How to Make a Berry Fruit Wine from Raspberries, Currants or Other Fruit
How to Make a Lightly-sweet Berry Wine from Your Garden's Pickings
This recipe for a combination black raspberry / red currant wine is one of our favorites. It has a nice, bright, summer flavor, with sparky acids from the currants brightening up the wine's sweetness. It has a gorgeous, almost fluorescent red color from the currants. You can substitute almost any small edible berries and achieve a similarly pleasant wine.
The first time I made this recipe, I made only one gallon and, because of a spectacular equipment failure, ended up with only one precious litre. But with the instructions below, your first efforts are likely to be wildly successful.
Here are the basic ingredients to make three gallons:
Red Currants - 9 pounds (half fresh from the garden, and half frozen from last summer)
Black Raspberries - 4.5 pounds (six 12-ounce frozen packages from Trader Joe's)
White Sugar - 7.5 pounds
Filtered water - 2 gallons to start, additional to top off
Dry Pectic Enzyme - 1.5 teaspoons
RC-212 Yeast - 5 grams (Cote des Blancs yeast would also work well)
Go-Ferm (yeast starter) - 1 teaspoon, added to 2 ounces of filtered water
Fermaid-K (yeast nutrient) - 1 teaspoon a day after fermentation begins; 1 more teaspoon after two more days
Potassium Metasulphite - .25 teaspoon each, for 2 doses
Here is the equipment you'll need:
5- or 6-gallon plastic bucket
2-gallon or larger soup bucket (for heating water)
3-gallon glass carboy
Airlock (for carboy)
Paddle (for stirring must in bucket)
Strainer
Here's the process: Thaw the red currants and black raspberries, mash them well and add them to your 5- or 6-gallon plastic bucket. Stir in the sugar. Heat the 2 gallons of water to a boil. Dump the boiling water directly into the bucket with the berries and sugar. Stir vigorously. The boiling water will help sanitize your berries and sugar.

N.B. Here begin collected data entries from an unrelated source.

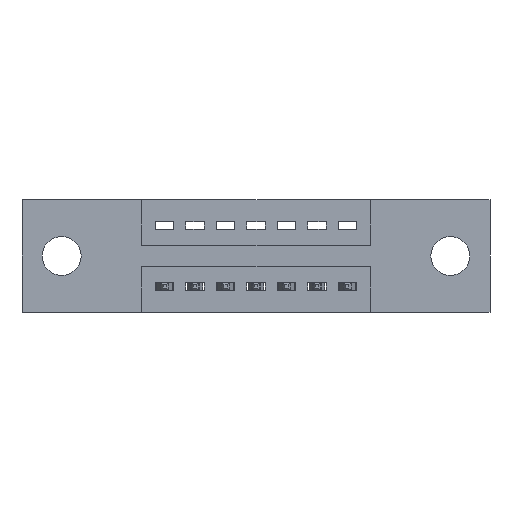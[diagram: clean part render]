
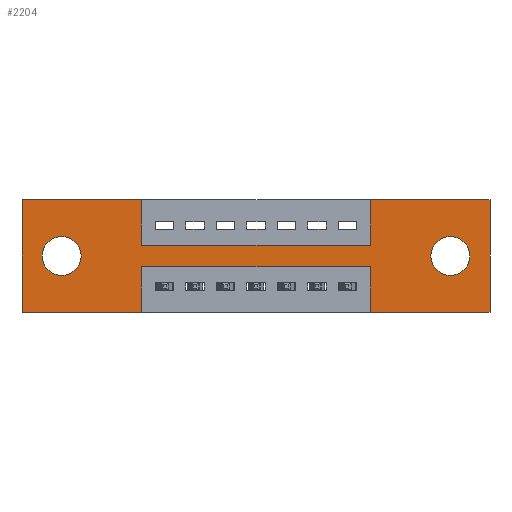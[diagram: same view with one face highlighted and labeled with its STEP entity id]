
A CAD part, front view. The second image highlights one B-rep face of the part: STEP entity #2204.
In plain terms, the highlighted planar face has unit normal (0, -1, 0).
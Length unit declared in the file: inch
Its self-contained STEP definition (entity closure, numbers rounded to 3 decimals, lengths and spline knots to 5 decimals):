
#175 = CARTESIAN_POINT ( 'NONE',  ( 0., 0., -0.37 ) ) ;
#200 = CARTESIAN_POINT ( 'NONE',  ( 0., 0., 0. ) ) ;
#263 = CARTESIAN_POINT ( 'NONE',  ( 0.3925, 0., -0.37 ) ) ;
#467 = CARTESIAN_POINT ( 'NONE',  ( 0., 0., -0.37 ) ) ;
#705 = VERTEX_POINT ( 'NONE', #1946 ) ;
#754 = EDGE_CURVE ( 'NONE', #2903, #5305, #3198, .T. ) ;
#755 = DIRECTION ( 'NONE',  ( 0., 0., -1. ) ) ;
#815 = ORIENTED_EDGE ( 'NONE', *, *, #8343, .F. ) ;
#854 = EDGE_CURVE ( 'NONE', #8996, #8657, #7049, .T. ) ;
#1015 = FACE_BOUND ( 'NONE', #9133, .T. ) ;
#1070 = CARTESIAN_POINT ( 'NONE',  ( 1.1425, 0., -0.22 ) ) ;
#1075 = AXIS2_PLACEMENT_3D ( 'NONE', #2217, #7555, #5308 ) ;
#1172 = ORIENTED_EDGE ( 'NONE', *, *, #2373, .F. ) ;
#1248 = VERTEX_POINT ( 'NONE', #8144 ) ;
#1264 = EDGE_CURVE ( 'NONE', #8352, #7169, #3689, .T. ) ;
#1525 = CIRCLE ( 'NONE', #3843, 0.064 ) ;
#1534 = DIRECTION ( 'NONE',  ( 0., 0., 1. ) ) ;
#1598 = LINE ( 'NONE', #7795, #9582 ) ;
#1729 = AXIS2_PLACEMENT_3D ( 'NONE', #3698, #6703, #9168 ) ;
#1784 = VECTOR ( 'NONE', #7000, 39.37008 ) ;
#1946 = CARTESIAN_POINT ( 'NONE',  ( 1.1425, 0., -0.15 ) ) ;
#2011 = DIRECTION ( 'NONE',  ( 1., 0., 0. ) ) ;
#2152 = PLANE ( 'NONE',  #1075 ) ;
#2199 = CARTESIAN_POINT ( 'NONE',  ( 1.405, 0., -0.121 ) ) ;
#2204 = ADVANCED_FACE ( 'NONE', ( #6083, #1015, #8509 ), #2152, .T. ) ;
#2217 = CARTESIAN_POINT ( 'NONE',  ( 0., 0., -0.37 ) ) ;
#2307 = EDGE_CURVE ( 'NONE', #7169, #2903, #1598, .T. ) ;
#2367 = DIRECTION ( 'NONE',  ( 0., 0., -1. ) ) ;
#2373 = EDGE_CURVE ( 'NONE', #5305, #9521, #9115, .T. ) ;
#2410 = EDGE_LOOP ( 'NONE', ( #6445, #5243, #4363, #8987, #815, #9466, #6175, #9647, #1172, #7229, #9069, #9988 ) ) ;
#2497 = CARTESIAN_POINT ( 'NONE',  ( 1.535, 0., 0. ) ) ;
#2546 = CARTESIAN_POINT ( 'NONE',  ( 1.405, 0., -0.249 ) ) ;
#2813 = CARTESIAN_POINT ( 'NONE',  ( 0.3925, 0., -0.37 ) ) ;
#2903 = VERTEX_POINT ( 'NONE', #9657 ) ;
#2953 = VERTEX_POINT ( 'NONE', #5676 ) ;
#3198 = LINE ( 'NONE', #3631, #4995 ) ;
#3357 = VERTEX_POINT ( 'NONE', #6620 ) ;
#3557 = CARTESIAN_POINT ( 'NONE',  ( 0.3925, 0., -0.22 ) ) ;
#3631 = CARTESIAN_POINT ( 'NONE',  ( 0., 0., 0. ) ) ;
#3689 = LINE ( 'NONE', #467, #6296 ) ;
#3698 = CARTESIAN_POINT ( 'NONE',  ( 0.13, 0., -0.185 ) ) ;
#3806 = EDGE_CURVE ( 'NONE', #2953, #8352, #5798, .T. ) ;
#3830 = CIRCLE ( 'NONE', #7728, 0.064 ) ;
#3843 = AXIS2_PLACEMENT_3D ( 'NONE', #6954, #7621, #755 ) ;
#3869 = LINE ( 'NONE', #5439, #1784 ) ;
#3884 = CARTESIAN_POINT ( 'NONE',  ( 1.535, 0., -0.37 ) ) ;
#4083 = VECTOR ( 'NONE', #8032, 39.37008 ) ;
#4292 = ORIENTED_EDGE ( 'NONE', *, *, #5644, .T. ) ;
#4363 = ORIENTED_EDGE ( 'NONE', *, *, #8855, .F. ) ;
#4454 = LINE ( 'NONE', #3557, #6737 ) ;
#4538 = DIRECTION ( 'NONE',  ( 1., 0., 0. ) ) ;
#4678 = DIRECTION ( 'NONE',  ( 0., 0., -1. ) ) ;
#4696 = EDGE_CURVE ( 'NONE', #9521, #705, #9186, .T. ) ;
#4995 = VECTOR ( 'NONE', #2011, 39.37008 ) ;
#5022 = ORIENTED_EDGE ( 'NONE', *, *, #9738, .T. ) ;
#5105 = DIRECTION ( 'NONE',  ( 0., 0., 1. ) ) ;
#5137 = DIRECTION ( 'NONE',  ( -1., 0., 0. ) ) ;
#5243 = ORIENTED_EDGE ( 'NONE', *, *, #7178, .F. ) ;
#5276 = CARTESIAN_POINT ( 'NONE',  ( 0.13, 0., -0.249 ) ) ;
#5305 = VERTEX_POINT ( 'NONE', #8476 ) ;
#5308 = DIRECTION ( 'NONE',  ( 0., 0., -1. ) ) ;
#5342 = EDGE_LOOP ( 'NONE', ( #9038, #4292 ) ) ;
#5385 = VERTEX_POINT ( 'NONE', #3884 ) ;
#5439 = CARTESIAN_POINT ( 'NONE',  ( 0., 0., -0.37 ) ) ;
#5533 = DIRECTION ( 'NONE',  ( 0., 1., 0. ) ) ;
#5644 = EDGE_CURVE ( 'NONE', #7117, #7827, #9764, .T. ) ;
#5646 = EDGE_CURVE ( 'NONE', #7827, #7117, #1525, .T. ) ;
#5676 = CARTESIAN_POINT ( 'NONE',  ( 0.3925, 0., -0.22 ) ) ;
#5688 = VERTEX_POINT ( 'NONE', #8698 ) ;
#5798 = LINE ( 'NONE', #2813, #6386 ) ;
#5833 = EDGE_CURVE ( 'NONE', #5385, #1248, #3869, .T. ) ;
#5989 = VERTEX_POINT ( 'NONE', #1070 ) ;
#6083 = FACE_BOUND ( 'NONE', #5342, .T. ) ;
#6175 = ORIENTED_EDGE ( 'NONE', *, *, #8043, .F. ) ;
#6296 = VECTOR ( 'NONE', #5137, 39.37008 ) ;
#6386 = VECTOR ( 'NONE', #9870, 39.37008 ) ;
#6388 = AXIS2_PLACEMENT_3D ( 'NONE', #9788, #5533, #8443 ) ;
#6427 = CARTESIAN_POINT ( 'NONE',  ( 0.3925, 0., -0.15 ) ) ;
#6445 = ORIENTED_EDGE ( 'NONE', *, *, #3806, .F. ) ;
#6493 = CARTESIAN_POINT ( 'NONE',  ( 0.13, 0., -0.185 ) ) ;
#6524 = CARTESIAN_POINT ( 'NONE',  ( 1.1425, 0., 0. ) ) ;
#6620 = CARTESIAN_POINT ( 'NONE',  ( 1.535, 0., 0. ) ) ;
#6703 = DIRECTION ( 'NONE',  ( 0., 1., 0. ) ) ;
#6737 = VECTOR ( 'NONE', #8962, 39.37008 ) ;
#6921 = CARTESIAN_POINT ( 'NONE',  ( 1.1425, 0., -0.37 ) ) ;
#6928 = LINE ( 'NONE', #6921, #9862 ) ;
#6954 = CARTESIAN_POINT ( 'NONE',  ( 1.405, 0., -0.185 ) ) ;
#7000 = DIRECTION ( 'NONE',  ( -1., 0., 0. ) ) ;
#7049 = CIRCLE ( 'NONE', #1729, 0.064 ) ;
#7060 = CARTESIAN_POINT ( 'NONE',  ( 0.3925, 0., 0. ) ) ;
#7117 = VERTEX_POINT ( 'NONE', #2546 ) ;
#7169 = VERTEX_POINT ( 'NONE', #175 ) ;
#7178 = EDGE_CURVE ( 'NONE', #5989, #2953, #4454, .T. ) ;
#7191 = VECTOR ( 'NONE', #2367, 39.37008 ) ;
#7229 = ORIENTED_EDGE ( 'NONE', *, *, #754, .F. ) ;
#7555 = DIRECTION ( 'NONE',  ( 0., -1., 0. ) ) ;
#7621 = DIRECTION ( 'NONE',  ( 0., 1., 0. ) ) ;
#7728 = AXIS2_PLACEMENT_3D ( 'NONE', #6493, #8081, #5105 ) ;
#7742 = ORIENTED_EDGE ( 'NONE', *, *, #854, .T. ) ;
#7758 = EDGE_CURVE ( 'NONE', #5688, #3357, #8449, .T. ) ;
#7795 = CARTESIAN_POINT ( 'NONE',  ( 0., 0., 0. ) ) ;
#7827 = VERTEX_POINT ( 'NONE', #2199 ) ;
#7830 = LINE ( 'NONE', #6524, #8794 ) ;
#8032 = DIRECTION ( 'NONE',  ( 1., 0., 0. ) ) ;
#8043 = EDGE_CURVE ( 'NONE', #705, #5688, #7830, .T. ) ;
#8081 = DIRECTION ( 'NONE',  ( 0., 1., 0. ) ) ;
#8144 = CARTESIAN_POINT ( 'NONE',  ( 1.1425, 0., -0.37 ) ) ;
#8343 = EDGE_CURVE ( 'NONE', #3357, #5385, #9268, .T. ) ;
#8352 = VERTEX_POINT ( 'NONE', #263 ) ;
#8443 = DIRECTION ( 'NONE',  ( 0., 0., -1. ) ) ;
#8449 = LINE ( 'NONE', #200, #4083 ) ;
#8476 = CARTESIAN_POINT ( 'NONE',  ( 0.3925, 0., 0. ) ) ;
#8509 = FACE_OUTER_BOUND ( 'NONE', #2410, .T. ) ;
#8608 = CARTESIAN_POINT ( 'NONE',  ( 0.13, 0., -0.121 ) ) ;
#8657 = VERTEX_POINT ( 'NONE', #5276 ) ;
#8698 = CARTESIAN_POINT ( 'NONE',  ( 1.1425, 0., 0. ) ) ;
#8735 = DIRECTION ( 'NONE',  ( 0., 0., 1. ) ) ;
#8752 = VECTOR ( 'NONE', #4678, 39.37008 ) ;
#8794 = VECTOR ( 'NONE', #9698, 39.37008 ) ;
#8855 = EDGE_CURVE ( 'NONE', #1248, #5989, #6928, .T. ) ;
#8962 = DIRECTION ( 'NONE',  ( -1., 0., 0. ) ) ;
#8987 = ORIENTED_EDGE ( 'NONE', *, *, #5833, .F. ) ;
#8996 = VERTEX_POINT ( 'NONE', #8608 ) ;
#9038 = ORIENTED_EDGE ( 'NONE', *, *, #5646, .T. ) ;
#9069 = ORIENTED_EDGE ( 'NONE', *, *, #2307, .F. ) ;
#9115 = LINE ( 'NONE', #7060, #8752 ) ;
#9133 = EDGE_LOOP ( 'NONE', ( #7742, #5022 ) ) ;
#9168 = DIRECTION ( 'NONE',  ( 0., 0., 1. ) ) ;
#9185 = CARTESIAN_POINT ( 'NONE',  ( 0.3925, 0., -0.15 ) ) ;
#9186 = LINE ( 'NONE', #9185, #9524 ) ;
#9268 = LINE ( 'NONE', #2497, #7191 ) ;
#9466 = ORIENTED_EDGE ( 'NONE', *, *, #7758, .F. ) ;
#9521 = VERTEX_POINT ( 'NONE', #6427 ) ;
#9524 = VECTOR ( 'NONE', #4538, 39.37008 ) ;
#9582 = VECTOR ( 'NONE', #1534, 39.37008 ) ;
#9647 = ORIENTED_EDGE ( 'NONE', *, *, #4696, .F. ) ;
#9657 = CARTESIAN_POINT ( 'NONE',  ( 0., 0., 0. ) ) ;
#9698 = DIRECTION ( 'NONE',  ( 0., 0., 1. ) ) ;
#9738 = EDGE_CURVE ( 'NONE', #8657, #8996, #3830, .T. ) ;
#9764 = CIRCLE ( 'NONE', #6388, 0.064 ) ;
#9788 = CARTESIAN_POINT ( 'NONE',  ( 1.405, 0., -0.185 ) ) ;
#9862 = VECTOR ( 'NONE', #8735, 39.37008 ) ;
#9870 = DIRECTION ( 'NONE',  ( 0., 0., -1. ) ) ;
#9988 = ORIENTED_EDGE ( 'NONE', *, *, #1264, .F. ) ;

When this concoction cools towards room temperature, stir in the pectic enzyme.
Separately, mix the Go-Ferm with 2 ounces of filtered water at room temperature. Stir well. Add the yeast and stir lightly. Let that sit for 15-20 minutes to reconstitute the yeast.
Add the reconstituted yeast to the bucket of berry must by pouring it lightly into the bucket. Don't stir. Fermentation should pick up over the next 24 hours.
Once fermentation has gotten quite active, stir in 1 teaspoon of Fermaid-K.
At least once each day, stir the fermenting must and push the berries and stems back down into the juice with your paddle.
After two more days, stir in 1 additional teaspoon of Fermaid-K.
When another day or two has passed, strain the berries out of your pail, squeezing any remaining juice from their pulp before discarding. Pour all of the remaining juice into your three-gallon glass carboy. Top off with filtered water and add an airlock. Your wine is likely to keep fermenting for awhile.
After a month in the carboy, pour or rack the clear wine into a clean carboy with .25 teaspoon of potassium metasulphite.
Let the wine age for one or more months according to your preference. Rack with an additional .25 teaspoon potassium metasulphite. Then bottle.
This will be a lightly sweet, bright and slightly acidic treat. Enjoy slightly chilled.